## Task statement
Search the records for the word "Dawid" and report each line that has it.

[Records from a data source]
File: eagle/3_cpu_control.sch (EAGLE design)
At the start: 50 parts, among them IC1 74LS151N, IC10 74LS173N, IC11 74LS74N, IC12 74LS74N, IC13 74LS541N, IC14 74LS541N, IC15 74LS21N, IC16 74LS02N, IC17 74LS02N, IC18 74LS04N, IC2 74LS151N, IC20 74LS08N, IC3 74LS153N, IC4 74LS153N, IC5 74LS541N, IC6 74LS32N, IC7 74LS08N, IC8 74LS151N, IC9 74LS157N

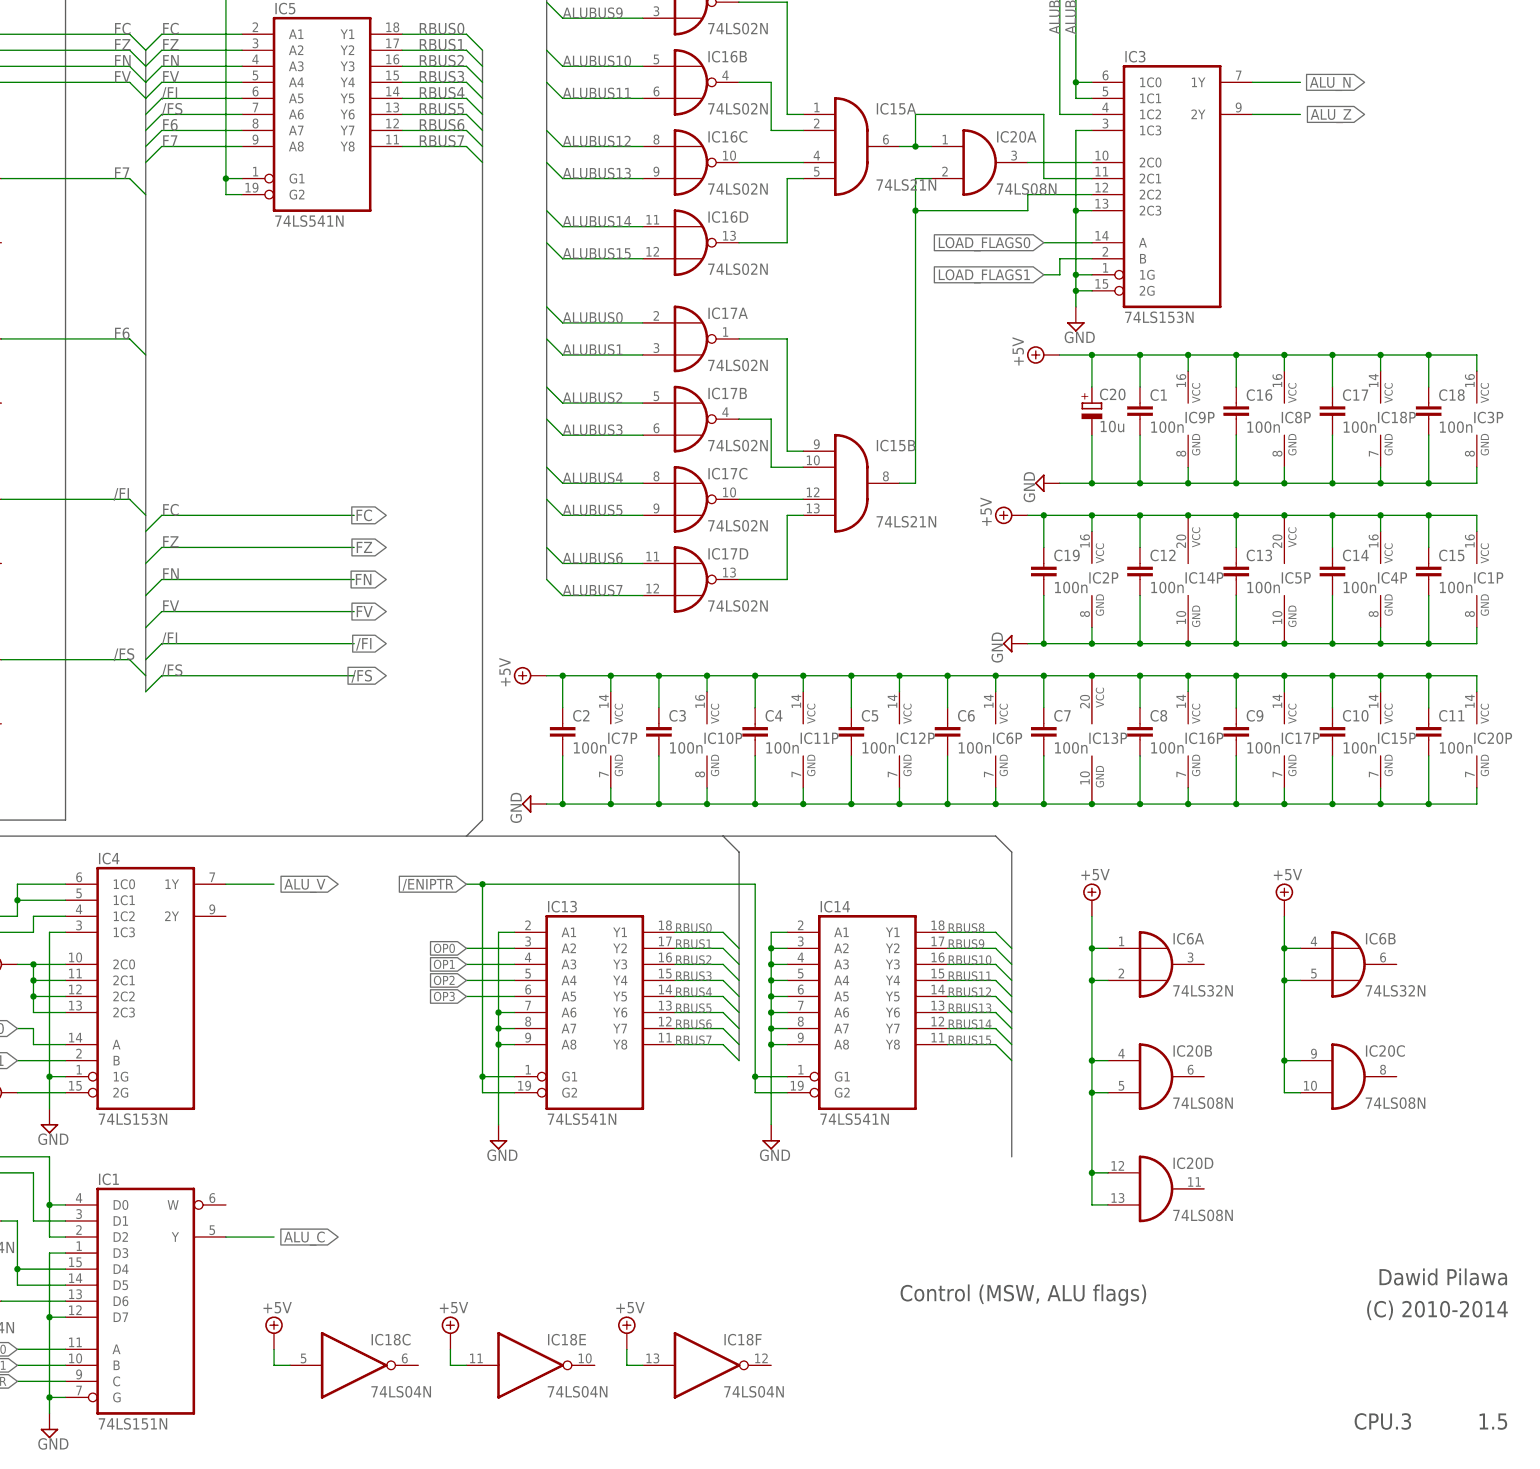
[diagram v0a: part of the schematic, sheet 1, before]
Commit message: Renamed F6 to /FP
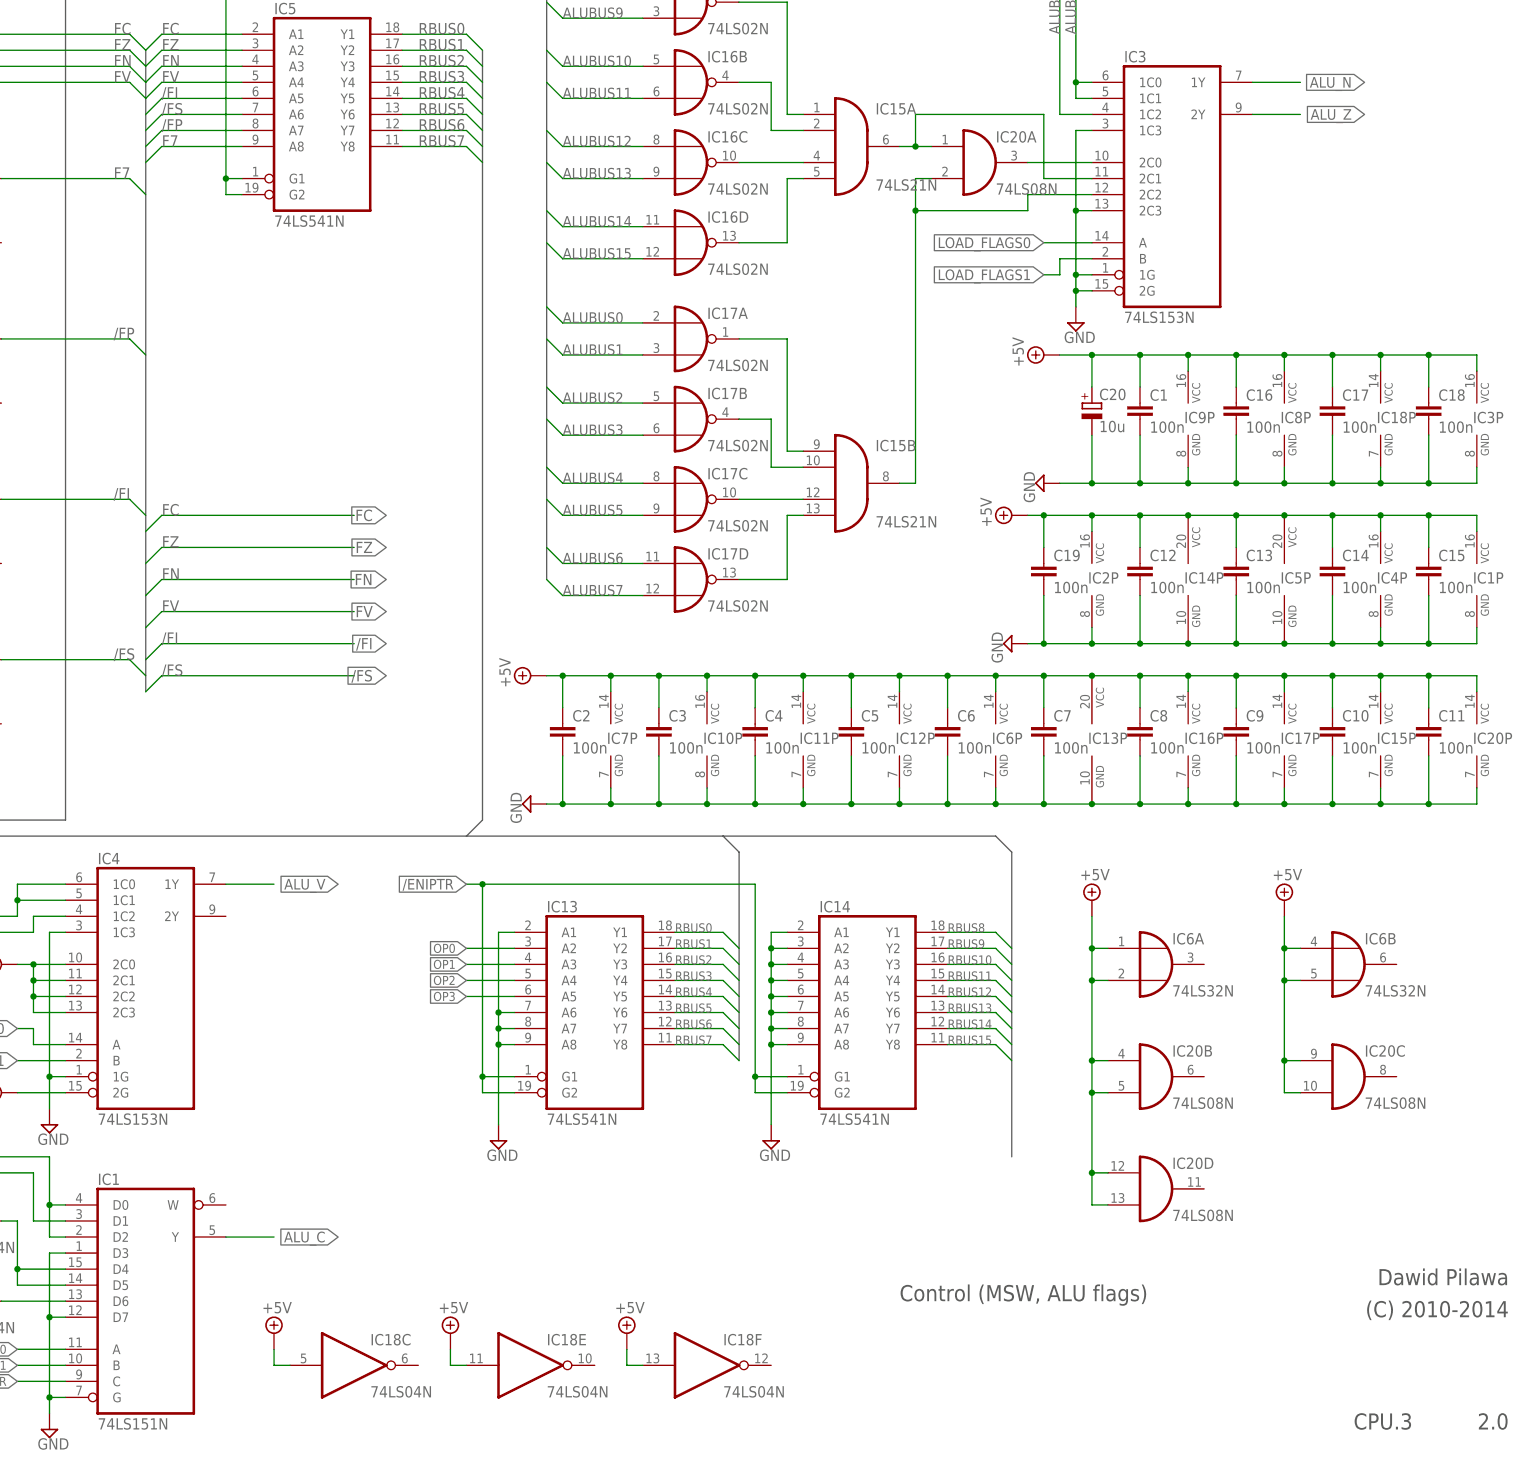
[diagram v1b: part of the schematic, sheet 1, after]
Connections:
- net F6 renamed /FP
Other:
- note added: "2.0"
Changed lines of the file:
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@@
 <plain>
 <text x="111.76" y="-111.76" size="2.54" layer="97" font="vector">Control (MSW, ALU flags)</text>
-<text x="208.28" y="-129.54" size="2.54" layer="97" font="vector" rot="R180">1.5</text>
+<text x="208.28" y="-129.54" size="2.54" layer="97" font="vector" rot="R180">2.0</text>
 <text x="208.28" y="-106.68" size="2.54" layer="97" font="vector" rot="R180">Dawid Pilawa</text>
 <text x="208.28" y="-111.76" size="2.54" layer="97" font="vector" rot="R180">(C) 2010-2014</text>
@@
 </segment>
 </net>
-<net name="F6" class="0">
+<net name="/FP" class="0">
 <segment>
 <wire x1="-7.62" y1="71.12" x2="-5.08" y2="73.66" width="0.1524" layer="91"/>

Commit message: Added /FP (flag paging enabled) to schematics and board, extended header connector
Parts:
- JP10: device pinhead:PINHD-2X16 -> pinhead:PINHD-2X18
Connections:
- net +5V: no longer IC11B.PRE
- net /FP: now also JP10.34
- net /RST: now also IC11B.PRE
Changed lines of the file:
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@@
 <part name="JP3" library="pinhead" deviceset="PINHD-2X8" device=""/>
 <part name="JP4" library="pinhead" deviceset="PINHD-2X8" device=""/>
-<part name="JP10" library="pinhead" deviceset="PINHD-2X16" device=""/>
+<part name="JP10" library="pinhead" deviceset="PINHD-2X18" device=""/>
 <part name="JP9" library="pinhead" deviceset="PINHD-2X24" device=""/>
 <part name="JP7" library="pinhead" deviceset="PINHD-1X9" device=""/>
@@
 </segment>
 </bus>
-<bus name="FC,FZ,FN,FV,/FI,/FS,F6,F7">
+<bus name="FC,FZ,FN,FV,/FI,/FS,/FP,F7">
 <segment>
-<wire x1="-7.62" y1="86.36" x2="-7.62" y2="-15.24" width="0.762" layer="92"/>
+<wire x1="-7.62" y1="86.36" x2="-7.62" y2="-17.78" width="0.762" layer="92"/>
 </segment>
 </bus>
@@
 <wire x1="-147.32" y1="33.02" x2="-147.32" y2="7.62" width="0.1524" layer="91"/>
 <wire x1="-147.32" y1="7.62" x2="-142.24" y2="7.62" width="0.1524" layer="91"/>
-<wire x1="-147.32" y1="33.02" x2="-66.04" y2="33.02" width="0.1524" layer="91"/>
-<wire x1="-66.04" y1="33.02" x2="-55.88" y2="33.02" width="0.1524" layer="91"/>
-<wire x1="-66.04" y1="33.02" x2="-66.04" y2="58.42" width="0.1524" layer="91"/>
-<wire x1="-66.04" y1="58.42" x2="-55.88" y2="58.42" width="0.1524" layer="91"/>
+<wire x1="-147.32" y1="33.02" x2="-71.12" y2="33.02" width="0.1524" layer="91"/>
+<wire x1="-71.12" y1="33.02" x2="-55.88" y2="33.02" width="0.1524" layer="91"/>
+<wire x1="-71.12" y1="33.02" x2="-71.12" y2="58.42" width="0.1524" layer="91"/>
+<wire x1="-71.12" y1="58.42" x2="-55.88" y2="58.42" width="0.1524" layer="91"/>
 <wire x1="-142.24" y1="-17.78" x2="-147.32" y2="-17.78" width="0.1524" layer="91"/>
 <wire x1="-147.32" y1="-17.78" x2="-147.32" y2="7.62" width="0.1524" layer="91"/>
 <junction x="-147.32" y="66.04"/>
 <junction x="-147.32" y="38.1"/>
-<junction x="-66.04" y="33.02"/>
+<junction x="-71.12" y="33.02"/>
 <junction x="-147.32" y="33.02"/>
 <junction x="-147.32" y="7.62"/>
@@
 <pinref part="IC12" gate="B" pin="CLR"/>
 <pinref part="IC12" gate="A" pin="PRE"/>
+<wire x1="-66.04" y1="15.24" x2="-66.04" y2="40.64" width="0.1524" layer="91"/>
+<pinref part="IC11" gate="B" pin="PRE"/>
+<wire x1="-66.04" y1="40.64" x2="-55.88" y2="40.64" width="0.1524" layer="91"/>
 </segment>
 </net>
@@
 </segment>
 <segment>
-<wire x1="-7.62" y1="10.16" x2="-5.08" y2="12.7" width="0.1524" layer="91"/>
-<wire x1="-5.08" y1="12.7" x2="25.4" y2="12.7" width="0.1524" layer="91"/>
-<label x="30.48" y="12.7" size="1.778" layer="95" rot="R180" xref="yes"/>
-<label x="-5.08" y="12.7" size="1.778" layer="95"/>
+<wire x1="-7.62" y1="12.7" x2="-5.08" y2="15.24" width="0.1524" layer="91"/>
+<wire x1="-5.08" y1="15.24" x2="25.4" y2="15.24" width="0.1524" layer="91"/>
+<label x="30.48" y="15.24" size="1.778" layer="95" rot="R180" xref="yes"/>
+<label x="-5.08" y="15.24" size="1.778" layer="95"/>
 </segment>
 <segment>
@@
 </segment>
 <segment>
-<wire x1="-7.62" y1="5.08" x2="-5.08" y2="7.62" width="0.1524" layer="91"/>
-<wire x1="-5.08" y1="7.62" x2="25.4" y2="7.62" width="0.1524" layer="91"/>
-<label x="30.48" y="7.62" size="1.778" layer="95" rot="R180" xref="yes"/>
-<label x="-5.08" y="7.62" size="1.778" layer="95"/>
+<wire x1="-7.62" y1="7.62" x2="-5.08" y2="10.16" width="0.1524" layer="91"/>
+<wire x1="-5.08" y1="10.16" x2="25.4" y2="10.16" width="0.1524" layer="91"/>
+<label x="30.48" y="10.16" size="1.778" layer="95" rot="R180" xref="yes"/>
+<label x="-5.08" y="10.16" size="1.778" layer="95"/>
 </segment>
 <segment>
@@
 </segment>
 <segment>
-<wire x1="-7.62" y1="0" x2="-5.08" y2="2.54" width="0.1524" layer="91"/>
-<wire x1="-5.08" y1="2.54" x2="25.4" y2="2.54" width="0.1524" layer="91"/>
-<label x="30.48" y="2.54" size="1.778" layer="95" rot="R180" xref="yes"/>
-<label x="-5.08" y="2.54" size="1.778" layer="95"/>
+<wire x1="-7.62" y1="2.54" x2="-5.08" y2="5.08" width="0.1524" layer="91"/>
+<wire x1="-5.08" y1="5.08" x2="25.4" y2="5.08" width="0.1524" layer="91"/>
+<label x="30.48" y="5.08" size="1.778" layer="95" rot="R180" xref="yes"/>
+<label x="-5.08" y="5.08" size="1.778" layer="95"/>
 </segment>
 <segment>
@@
 </segment>
 <segment>
-<wire x1="-7.62" y1="-5.08" x2="-5.08" y2="-2.54" width="0.1524" layer="91"/>
-<wire x1="-5.08" y1="-2.54" x2="25.4" y2="-2.54" width="0.1524" layer="91"/>
-<label x="30.48" y="-2.54" size="1.778" layer="95" rot="R180" xref="yes"/>
-<label x="-5.08" y="-2.54" size="1.778" layer="95"/>
+<wire x1="-7.62" y1="-2.54" x2="-5.08" y2="0" width="0.1524" layer="91"/>
+<wire x1="-5.08" y1="0" x2="25.4" y2="0" width="0.1524" layer="91"/>
+<label x="30.48" y="0" size="1.778" layer="95" rot="R180" xref="yes"/>
+<label x="-5.08" y="0" size="1.778" layer="95"/>
 </segment>
 <segment>
@@
 </segment>
 <segment>
-<wire x1="-7.62" y1="-10.16" x2="-5.08" y2="-7.62" width="0.1524" layer="91"/>
-<wire x1="-5.08" y1="-7.62" x2="25.4" y2="-7.62" width="0.1524" layer="91"/>
-<label x="30.48" y="-7.62" size="1.778" layer="95" rot="R180" xref="yes"/>
-<label x="-5.08" y="-7.62" size="1.778" layer="95"/>
+<wire x1="-7.62" y1="-7.62" x2="-5.08" y2="-5.08" width="0.1524" layer="91"/>
+<wire x1="-5.08" y1="-5.08" x2="25.4" y2="-5.08" width="0.1524" layer="91"/>
+<label x="30.48" y="-5.08" size="1.778" layer="95" rot="R180" xref="yes"/>
+<label x="-5.08" y="-5.08" size="1.778" layer="95"/>
 </segment>
 <segment>
@@
 <pinref part="IC11" gate="B" pin="Q"/>
 </segment>
+<segment>
+<wire x1="-7.62" y1="-17.78" x2="-5.08" y2="-15.24" width="0.1524" layer="91"/>
+<wire x1="-5.08" y1="-15.24" x2="25.4" y2="-15.24" width="0.1524" layer="91"/>
+<label x="30.48" y="-15.24" size="1.778" layer="95" rot="R180" xref="yes"/>
+</segment>
 </net>
 <net name="F7" class="0">
@@
 </segment>
 <segment>
-<wire x1="-7.62" y1="-15.24" x2="-5.08" y2="-12.7" width="0.1524" layer="91"/>
-<wire x1="-5.08" y1="-12.7" x2="25.4" y2="-12.7" width="0.1524" layer="91"/>
-<label x="30.48" y="-12.7" size="1.778" layer="95" rot="R180" xref="yes"/>
-<label x="-5.08" y="-12.7" size="1.778" layer="95"/>
+<wire x1="-7.62" y1="-12.7" x2="-5.08" y2="-10.16" width="0.1524" layer="91"/>
+<wire x1="-5.08" y1="-10.16" x2="25.4" y2="-10.16" width="0.1524" layer="91"/>
+<label x="30.48" y="-10.16" size="1.778" layer="95" rot="R180" xref="yes"/>
+<label x="-5.08" y="-10.16" size="1.778" layer="95"/>
 </segment>
 <segment>
@@
 </segment>
 <segment>
-<wire x1="-58.42" y1="40.64" x2="-55.88" y2="40.64" width="0.1524" layer="91"/>
-<wire x1="-58.42" y1="30.48" x2="-58.42" y2="40.64" width="0.1524" layer="91"/>
+<wire x1="-58.42" y1="30.48" x2="-58.42" y2="43.18" width="0.1524" layer="91"/>
 <wire x1="-58.42" y1="30.48" x2="-55.88" y2="30.48" width="0.1524" layer="91"/>
-<wire x1="-58.42" y1="40.64" x2="-58.42" y2="43.18" width="0.1524" layer="91"/>
-<junction x="-58.42" y="40.64"/>
-<pinref part="IC11" gate="B" pin="PRE"/>
 <pinref part="IC11" gate="B" pin="CLR"/>
 <pinref part="SUPPLY29" gate="+5V" pin="+5V"/>
@@
 <instance part="JP3" gate="A" x="154.94" y="226.06"/>
 <instance part="JP4" gate="A" x="154.94" y="187.96"/>
-<instance part="JP10" gate="A" x="86.36" y="134.62"/>
+<instance part="JP10" gate="A" x="86.36" y="132.08"/>
 <instance part="JP9" gate="A" x="86.36" y="68.58"/>
 <instance part="JP7" gate="A" x="167.64" y="142.24"/>
@@
 </segment>
 </net>
+<net name="/FP" class="0">
+<segment>
+<pinref part="JP10" gate="A" pin="34"/>
+<wire x1="91.44" y1="111.76" x2="101.6" y2="111.76" width="0.1524" layer="91"/>
+<label x="101.6" y="111.76" size="1.27" layer="95" xref="yes"/>
+</segment>
+</net>

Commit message: All boards prepared for MMU extension
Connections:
- new net /IO: JP10.35
- new net /NP_FAULT: JP10.36
- new net /WR_FAULT: JP10.33
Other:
- note removed: "1.5"
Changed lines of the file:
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@@
 <plain>
 <text x="289.56" y="27.94" size="2.54" layer="97" font="vector">Control (MSW, ALU flags)</text>
-<text x="386.08" y="10.16" size="2.54" layer="97" font="vector" rot="R180">1.5</text>
+<text x="386.08" y="10.16" size="2.54" layer="97" font="vector" rot="R180">2.0</text>
 <text x="386.08" y="33.02" size="2.54" layer="97" font="vector" rot="R180">Dawid Pilawa</text>
 <text x="386.08" y="27.94" size="2.54" layer="97" font="vector" rot="R180">(C) 2010-2014</text>
@@
 </segment>
 </net>
+<net name="/WR_FAULT" class="0">
+<segment>
+<pinref part="JP10" gate="A" pin="33"/>
+<wire x1="83.82" y1="111.76" x2="73.66" y2="111.76" width="0.1524" layer="91"/>
+<label x="73.66" y="111.76" size="1.27" layer="95" rot="R180" xref="yes"/>
+</segment>
+</net>
+<net name="/NP_FAULT" class="0">
+<segment>
+<pinref part="JP10" gate="A" pin="36"/>
+<wire x1="91.44" y1="109.22" x2="101.6" y2="109.22" width="0.1524" layer="91"/>
+<label x="101.6" y="109.22" size="1.27" layer="95" xref="yes"/>
+</segment>
+</net>
+<net name="/IO" class="0">
+<segment>
+<pinref part="JP10" gate="A" pin="35"/>
+<wire x1="83.82" y1="109.22" x2="73.66" y2="109.22" width="0.1524" layer="91"/>
+<label x="73.66" y="109.22" size="1.27" layer="95" rot="R180" xref="yes"/>
+</segment>
+</net>

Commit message: MMU schematics update
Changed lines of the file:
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@@
 <wire x1="-5.08" y1="-15.24" x2="25.4" y2="-15.24" width="0.1524" layer="91"/>
 <label x="30.48" y="-15.24" size="1.778" layer="95" rot="R180" xref="yes"/>
+<label x="-5.08" y="-15.24" size="1.778" layer="95"/>
 </segment>
 </net>

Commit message: Removal of PPC started
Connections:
- removed net /LDPPC: JP10.11
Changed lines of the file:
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@@
-</segment>
-</net>
-<net name="/LDPPC" class="0">
-<segment>
-<pinref part="JP10" gate="A" pin="11"/>
-<wire x1="83.82" y1="139.7" x2="73.66" y2="139.7" width="0.1524" layer="91"/>
-<label x="73.66" y="139.7" size="1.27" layer="95" rot="R180" xref="yes"/>
 </segment>
 </net>

## Result for this exercise
 <text x="208.28" y="-106.68" size="2.54" layer="97" font="vector" rot="R180">Dawid Pilawa</text>
 <text x="386.08" y="33.02" size="2.54" layer="97" font="vector" rot="R180">Dawid Pilawa</text>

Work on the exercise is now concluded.